August 17, 2011
A planet orbiting a star some 750 million light years away is extraordinarily dark, according to astronomers at the Harvard-Smithsonian Center for Astrophysics and Princeton University who report their findings in the Monthly Notices of the Royal Astronomical Society. They used data from NASA’s Kepler spacecraft to study the alien world and found that it reflects only 1 percent of the light that reaches it.
The planet, TrES-2b, is a gas giant about the size of Jupiter. But that’s where the similarities end. Jupiter is cool enough to be surrounded by bright clouds of ammonia that reflect a third or more of the sunlight that falls on it. TrES-2b is much hotter—more than 1,800 degrees Fahrenheit—and lacks the reflective clouds. It’s atmosphere is full of chemicals that absorb light, such as gaseous titanium oxide and vaporized sodium and potassium, which explain, in part at least, the planet’s dark nature. The planet is so dark, it is blacker than anything in our Solar System, blacker than paint, blacker than coal.
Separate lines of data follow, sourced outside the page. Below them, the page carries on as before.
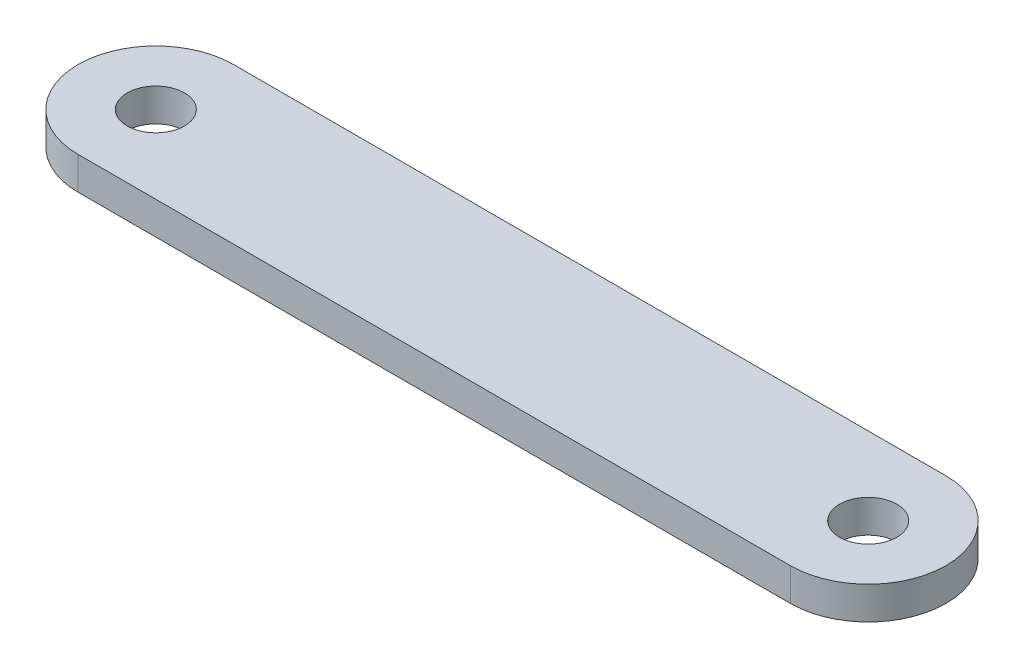
SolidWorks part; units mm, degrees
ref_plane "Front Plane" through (0, 0, 0) normal (0, 0, 1) x (1, 0, 0)
ref_plane "Top Plane" through (0, 0, 0) normal (0, 1, 0) x (1, 0, 0)
ref_plane "Right Plane" through (0, 0, 0) normal (1, 0, 0) x (0, 0, -1)
sketch "Sketch1" plane through (0, 0, 0) normal (0, 1, 0) x (1, 0, 0)
  line L0 (0, 0) -> (43.5, 0) construction
  line L1 (0, 4.75) -> (43.5, 4.75)
  line L2 (0, -4.75) -> (43.5, -4.75)
  arc A0 (0, 4.75) -> (0, -4.75) centre (0, 0) ccw
  arc A1 (43.5, -4.75) -> (43.5, 4.75) centre (43.5, 0) ccw
  circle A2 centre (0, 0) radius 1.75
  circle A3 centre (43.5, 0) radius 1.75
  point P3 (21.75, 0)
  dimension "D2" = 4.75
  dimension "D3" = 3.5
  dimension "D1" = 43.5
extrude "Boss-Extrude1" add sketch "Sketch1" along normal blind 2

“It’s not clear what is responsible for making this planet so extraordinarily dark,” says study co-author David Spiegel of Princeton University. “However, it’s not completely pitch black. It’s so hot that it emits a faint red glow, much like a burning ember or the coils on an electric stove.”
TrES-2b is weird in another way—it is tidally locked, like our Moon is with Earth, so that one side always faces its sun, the star GSC 03549-02811, and one side always faces away.